Moment, darf ich mal? Entschuldigung, wir müssten da durch, könnten Sie ganz kurz? Das Kind hier muss ganz dringend aufs Klo, Auwa! Entschuldigung. Sie zuerst?! Bitte! Danke.

Da sind sie ja, die 4 zusammenhängenden Plätze! Kinder krähen „Hunger!“ und „Durst!“ Anscheinend können sie ihre Vitalfunktionen nicht mehr lange aufrechterhalten, wenn nicht SOFORT das Essen…

Das Gepäck samt Fresstasche haben die Eltern nach den zwanzigsten Gerempel in Wagen 5 stehen lassen. Das muss jetzt einer holen…
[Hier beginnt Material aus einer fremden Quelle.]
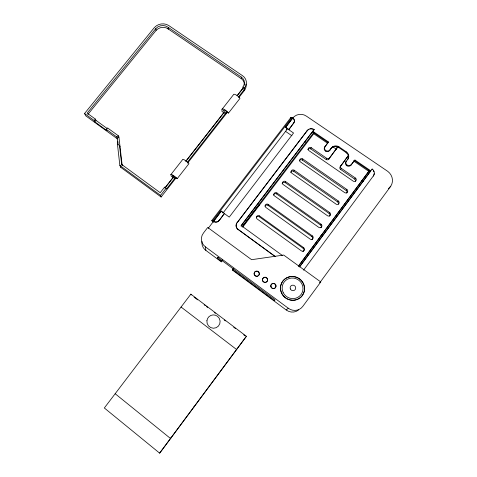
<?xml version="1.0" encoding="UTF-8"?>
<svg xmlns="http://www.w3.org/2000/svg" width="477" height="477" viewBox="0 0 477 477"><rect width="100%" height="100%" fill="white"/><g stroke="black" fill="none" stroke-linecap="round" stroke-linejoin="round"><path stroke-width="0.72" d="M219.086 220.636L224.458 213.422L221.262 211.102L213.511 221.429A3.977 3.882 -2.2 0 0 219.086 220.636L224.458 213.422M227.106 111.928L225.949 112.971A2.486 0.733 38.5 0 1 223.57 110.747A2.486 0.733 38.5 0 1 224.643 110.354A2.486 0.733 38.5 0 1 227.207 112.506L228.489 113.061L239.955 98.393A4.293 1.377 38.6 0 0 236.103 94.941A4.293 1.377 38.6 0 0 233.432 94.762L222.002 109.352L221.972 111.421L223.88 112.745L186.161 160.94M208.264 228.268L221.262 211.102M223.88 112.745L225.406 113.633L187.205 162.472M201.95 241.493A9.647 9.48 -1 0 0 205.837 250.371L221.286 261.831L222.187 260.084M225.406 113.633L226.193 113.097M244.26 85.097A7.566 7.083 -4.5 0 0 241.231 78.633L241.356 77.095L168.25 27.362A8.878 8.181 -13.4 0 0 155.794 28.584L87.16 113.138L95.322 119.059L95.972 120.377L106.973 128.361M241.356 77.095A7.608 7.113 -4.5 0 1 242.96 87.035L242.829 88.525L237.457 95.394M238.768 97.684L244.254 90.678L244.492 88.084A9.355 8.747 -4.5 0 0 242.483 75.658L168.548 25.406A10.732 9.886 -13.4 0 0 154.345 27.588L84.542 113.526L85.777 115.857L117.551 138.962L116.603 136.821L106.365 129.38L107.54 127.925L118.391 135.802L118.928 137.036L122.19 165.531L121.671 164.44L119.506 145.533L117.425 144.012L119.864 165.465L120.794 167.355L161.113 197.001L176.186 177.724M241.028 226.116L314.146 129.511A4.961 4.669 7.4 0 0 307.242 130.519L237.063 222.795L307.116 130.847A4.955 4.663 7.4 0 1 309.09 129.339M274.77 256.322L238.136 229.443A5.02 4.889 6.6 0 1 237.093 222.592M298.584 309.961A10.071 9.778 36.3 0 1 286.206 309.978L232.412 270.083L233.366 268.378M346.427 151.924L346.075 152.521A5.515 5.187 12.8 0 1 348.174 155.263L348.353 155.931A5.515 5.187 12.8 0 1 347.453 159.801L347.816 159.223A5.533 5.199 12.8 0 0 346.427 151.924L339.034 146.886A5.515 5.187 11.6 0 0 331.384 147.995L329.643 150.499A2.987 2.814 10.5 0 1 325.481 151.102A2.987 2.814 10.5 0 1 324.754 147.154L328.331 141.89L312.87 131.342M328.331 141.89L327.616 143.374M259.005 205.724L259.345 204.377L242.25 226.867M256.316 217.601A1.968 1.908 9.5 0 1 259.309 216.779L259.536 215.944L303.64 247.652A2.021 1.956 22.8 0 1 304.111 250.401A2.021 1.956 22.8 0 1 301.303 250.795L257.204 219.026A1.98 1.92 9.4 0 1 256.775 216.337A1.98 1.92 9.4 0 1 259.536 215.944M286.456 129.517A2.141 0.704 36.9 0 0 286.421 128.14L285.64 127.174L292.812 117.825A3.935 3.703 4 0 1 293.719 123L288.746 129.696L293.546 132.994L229.24 217.118L224.446 213.636M288.746 129.696L293.719 123M293.111 118.475A3.929 3.697 4 0 0 292.711 118.165L292.812 117.825M265.003 206.153A1.968 1.896 9.3 0 1 267.991 205.331L268.265 204.436L312.375 235.912A2.021 1.944 21.2 0 1 312.852 238.649A2.021 1.944 21.2 0 1 310.05 239.037L265.939 207.501A1.974 1.908 9.2 0 1 265.504 204.83A1.974 1.908 9.2 0 1 268.265 204.436M273.53 195.236A1.962 1.884 9.1 0 1 276.63 193.936L276.946 192.982L321.069 224.226A2.015 1.932 19.9 0 1 321.552 226.945A2.015 1.932 19.9 0 1 318.755 227.338L274.639 196.029A1.974 1.896 9.1 0 1 274.197 193.376A1.974 1.896 9.1 0 1 276.946 192.982M282.134 183.895A1.962 1.878 9 0 1 285.222 182.602L285.592 181.582L329.72 212.599A2.015 1.92 18.8 0 1 330.209 215.3A2.015 1.92 18.8 0 1 327.419 215.693L283.29 184.617A1.974 1.884 9 0 1 282.843 181.975A1.974 1.884 9 0 1 285.592 181.582M307.116 130.847L307.242 130.519M290.696 172.602A1.956 1.866 8.9 0 1 293.778 171.315L294.196 170.241L338.33 201.026A2.009 1.908 17.8 0 1 338.825 203.715A2.009 1.908 17.8 0 1 336.041 204.108L291.906 173.258A1.968 1.878 8.8 0 1 291.453 170.635A1.968 1.878 8.8 0 1 294.196 170.241M305.536 140.828L305.179 141.764L306.18 142.456M299.335 160.898A1.956 1.854 8.8 0 1 302.299 160.081L302.758 158.948L346.898 189.512A2.009 1.896 17 0 1 347.399 192.183A2.009 1.896 17 0 1 344.621 192.577L300.474 161.953A1.968 1.866 8.8 0 1 300.021 159.342A1.968 1.866 8.8 0 1 302.758 158.948M242.817 227.022L313.705 133.745L314.23 132.463M307.814 149.718A1.95 1.842 8.7 0 1 310.771 148.902L311.278 147.709L326.745 158.34A1.974 1.866 11.4 0 0 329.494 157.947L336.172 149.08L332.529 146.594M324.754 147.154L327.914 142.754M325.481 151.102L325.779 150.499A2.999 2.82 10.5 0 1 325.052 146.546M329.643 150.499L331.384 147.995M310.771 148.902L326.155 159.485L326.745 158.34M326.155 159.485A1.968 1.854 11.4 0 0 328.886 159.091L329.494 157.947M347.226 153.308L337.472 146.66L335.85 149.677L336.971 148.18M337.627 146.964L328.886 159.091M339.034 146.886L338.7 147.494L336.744 146.642A5.497 5.169 11.6 0 0 331.068 148.603M355.413 181.302A1.991 1.878 16.4 0 0 354.673 179.096L340.656 169.454A1.98 1.866 13.9 0 1 340.167 166.837L347.512 156.82L348.729 157.648M193.96 406.935L194.228 406.499M348.592 155.067L340.167 166.837M340.656 169.454L341.329 168.363A1.991 1.872 13.9 0 1 340.834 165.734M346.785 165.698A3.023 2.838 14 0 1 346.028 161.709L346.38 161.137A3.029 2.85 14 0 0 347.143 165.131L346.779 165.698A3.023 2.838 14 0 0 350.971 165.096L354.942 160.039L370.802 170.849L299.586 266.804M350.971 165.096L354.208 160.695M353.833 161.268L354.942 160.039M171.052 437.725L170.527 438.506L115.172 393.728M159.658 453.15L246.394 336.297L190.86 294.16L104.332 407.984L159.658 453.15L246.394 336.297M303.634 251.057A2.015 1.944 22.9 0 0 303.163 248.32L303.64 247.652M311.97 239.722A2.009 1.932 21.3 0 0 311.851 236.64L312.375 235.912M320.979 227.726A2.003 1.92 20 0 0 320.502 225.019L321.069 224.226M329.589 216.147A2.003 1.908 18.9 0 0 329.106 213.457L329.72 212.599M338.402 204.186A1.997 1.902 17.9 0 0 337.668 201.95L338.33 201.026M346.69 193.149A1.997 1.89 17.1 0 0 346.189 190.496L346.898 189.512M354.673 179.096L355.431 178.052L341.329 168.363M292.711 118.165A9.689 9.111 5.4 0 1 306.425 116.15L387.765 171.362A11.865 11.108 18.3 0 1 390.758 186.215L319.727 282.813L320.759 281.955L283.69 255.058L251.612 259.691L207.722 227.469L203.476 232.997A9.934 9.755 -1.6 0 0 205.456 246.877L205.837 250.371M320.759 281.955L302.895 306.246A10.381 10.077 35.7 0 1 288.281 308.225L286.206 309.978M303.551 270.155L373.485 175.757A5.104 4.782 16.7 0 0 372.161 169.031L371.947 169.305A5.092 4.776 16.7 0 1 372.465 169.711M298.405 266.22L369.633 170.247M298.542 266.047L369.329 170.688M299.484 266.977L372.161 169.031M346.028 161.709L347.816 159.223M232.412 270.083L233.283 268.927M221.286 261.831L222.64 260.054M314.146 129.511L241.123 225.52L282.527 255.583M221.304 261.247L217.434 258.379L218.227 257.336M242.03 226.849L313.616 132.678M211.836 220.487L290.875 117.497M213.541 222.282L212.664 221.584A2.182 0.346 37.4 0 1 212.635 220.809L291.823 117.598L292.735 118.099L285.568 127.437M222.997 213.028L287.118 129.362M363.546 180.64L362.931 181.427L361.894 180.711M165.036 187.932L173.139 177.569L171.243 176.192L170.855 174.624L182.602 159.628A4.353 0.882 38.3 0 1 184.969 160.248A4.353 0.882 38.3 0 1 188.964 163.641L177.17 178.726L175.959 178.046A2.522 0.447 38.2 0 0 173.324 175.906A2.522 0.447 38.2 0 0 172.483 175.995A2.522 0.447 38.2 0 0 174.97 178.154L166.425 189.041L166.175 188.188L164.648 187.073L160.212 192.738L121.671 164.44M164.905 187.932L173.109 177.444L174.636 178.547M185.684 161.381L223.88 112.572M237.021 95.788L242.847 88.34L244.373 89.384L238.548 96.837M161.113 197.001L160.558 195.373L166.175 188.188M187.604 163.116L227.35 112.292M321.003 235.716L321.874 234.601M106.365 129.38L106.961 130.644L94.81 121.814L94.154 120.508L95.322 119.059M94.81 121.814L95.972 120.377M373.485 175.757L373.264 176.025A5.092 4.776 16.7 0 0 374.135 173.706M87.851 114.474L156.122 30.337A8.836 8.139 -13.4 0 1 168.512 29.127L168.25 27.362M388.373 188.725L390.758 186.215M116.603 136.821L118.391 135.802M118.928 137.036L117.145 138.05L117.885 144.489M212.635 220.809L213.511 221.388M167.683 28.566L241.231 78.633M312.608 131.992L328.027 142.51M354.56 160.612L370.373 171.398M313.705 133.745L327.669 143.279M353.594 160.97L368.787 171.344M242.96 87.035L244.492 88.084M285.64 127.174L288.841 129.368M285.246 131.169L291.918 135.76M302.299 160.081L346.189 190.496M293.778 171.315L337.668 201.95M285.222 182.602L329.106 213.457M276.63 193.936L320.502 225.019M267.991 205.331L311.851 236.64M259.309 216.779L303.163 248.32M84.542 113.526L94.154 120.508M238.136 229.443L275.45 256.602M119.864 165.465L160.558 195.373M205.456 246.877L288.281 308.225M232.49 269.535L274.412 300.623L275.056 299.86L217.423 257.151L217.434 258.379M194.109 297.171L197.651 299.86M204.15 304.791L205.331 305.691M206.511 306.586L207.698 307.48M214.197 312.417L215.377 313.311M224.238 320.037L225.418 320.932M233.688 327.21L235.465 328.558M243.735 334.836L244.916 335.73M221.262 211.281L222.133 211.979M181.069 307.039L236.586 349.516M119.506 145.533L120.037 146.719M190.86 294.16L191.152 294.929M155.794 28.584L156.122 30.337M117.801 141.144L118.052 143.327M120.627 165.901L120.794 167.355M373.324 170.694A5.092 4.776 16.7 0 1 373.896 171.839M310.324 128.993A4.955 4.663 7.4 0 1 312.25 129.07M312.87 129.255A4.955 4.663 7.4 0 1 314.009 129.839M238.112 229.634A5.014 4.883 6.7 0 1 236.711 223.331M293.462 118.833A3.929 3.697 4 0 1 293.617 123.334M219.086 220.434A3.983 3.888 -2.2 0 1 213.505 221.221M303.652 284.37A12.128 11.776 32.3 0 1 290.916 300.176A12.128 11.776 32.3 0 1 282.789 281.138A12.128 11.776 32.3 0 1 303.408 283.791M290.887 118.189A2.135 0.739 36.8 0 1 291.823 117.598M222.497 212.319A2.176 0.388 37.3 0 1 222.771 212.623M311.278 147.709A1.962 1.854 8.7 0 0 308.541 148.108A1.962 1.854 8.7 0 0 309.007 150.702L353.159 181.105A2.003 1.89 16.3 0 0 355.937 180.705A2.003 1.89 16.3 0 0 355.431 178.052M270.954 287.118A2.6 2.54 30.9 0 1 273.13 283.577A2.6 2.54 30.9 0 1 275.795 286.886A2.6 2.54 30.9 0 1 271.795 288.168M262.422 280.321A2.588 2.534 28.1 0 1 265.892 277.62A2.588 2.534 28.1 0 1 266.583 281.985M266.011 282.318A2.588 2.534 28.1 0 1 264.037 282.33M263.447 282.002A2.588 2.534 28.1 0 1 262.612 280.965M254.658 275.408A2.576 2.522 24.7 0 1 255.052 271.854A2.576 2.522 24.7 0 1 258.659 272.295A2.576 2.522 24.7 0 1 258.266 275.849M257.693 276.183A2.576 2.522 24.7 0 1 255.141 275.873M329.947 149.897A2.999 2.82 10.5 0 1 325.779 150.499M351.34 164.529A3.029 2.85 14 0 1 347.143 165.131M303.277 251.421A2.015 1.944 22.9 0 1 302.835 251.677M246.054 84.083A9.266 8.669 -4.5 0 1 244.254 90.678M170.855 174.624A4.371 0.769 38.2 0 1 173.145 175.345A4.371 0.769 38.2 0 1 177.17 178.726M222.002 109.352A4.305 1.27 38.5 0 1 224.607 109.621A4.305 1.27 38.5 0 1 228.489 113.061M283.082 292.335A10.512 10.208 32.3 0 0 301.059 294.524A10.512 10.208 32.3 0 0 293.576 278.097A10.512 10.208 32.3 0 0 283.082 292.335M290.374 288.984A2.82 2.737 32.2 0 0 295.191 289.581A2.82 2.737 32.2 0 0 293.188 285.174A2.82 2.737 32.2 0 0 290.374 288.984M281.615 292.967A12.146 11.794 32.3 0 0 302.382 295.496A12.146 11.794 32.3 0 0 293.737 276.523A12.146 11.794 32.3 0 0 281.615 292.967M254.414 274.573A2.582 2.534 24.6 0 0 258.85 275.116A2.582 2.534 24.6 0 0 257.049 271.061A2.582 2.534 24.6 0 0 254.414 274.573M271.103 286.892A2.606 2.546 30.9 0 0 275.569 287.44A2.606 2.546 30.9 0 0 273.738 283.35A2.606 2.546 30.9 0 0 271.103 286.892M262.738 280.714A2.594 2.54 28 0 0 267.186 281.263A2.594 2.54 28 0 0 265.373 277.191A2.594 2.54 28 0 0 262.738 280.714M206.911 320.723A6.684 6.618 60.8 0 0 216.105 327.729A6.684 6.618 60.8 0 0 217.482 316.275A6.684 6.618 60.8 0 0 206.911 320.723"/></g></svg>

Frau Life Science ist fix und fertig, noch ehe der Zug überhaupt die Stadtgrenze verlassen hat. Und jetzt 8 Stunden Kinder beschäftigen, samt Essenswurf und Maskenklau. Sehr lustig. Wo ist das Tablet?

Ja, es gibt Schlimmeres. Aber Frau Life Science fragt sich dennoch, warum sie ICE-Reisen immer noch gedanklich irgendwie mit Komfort verbindet.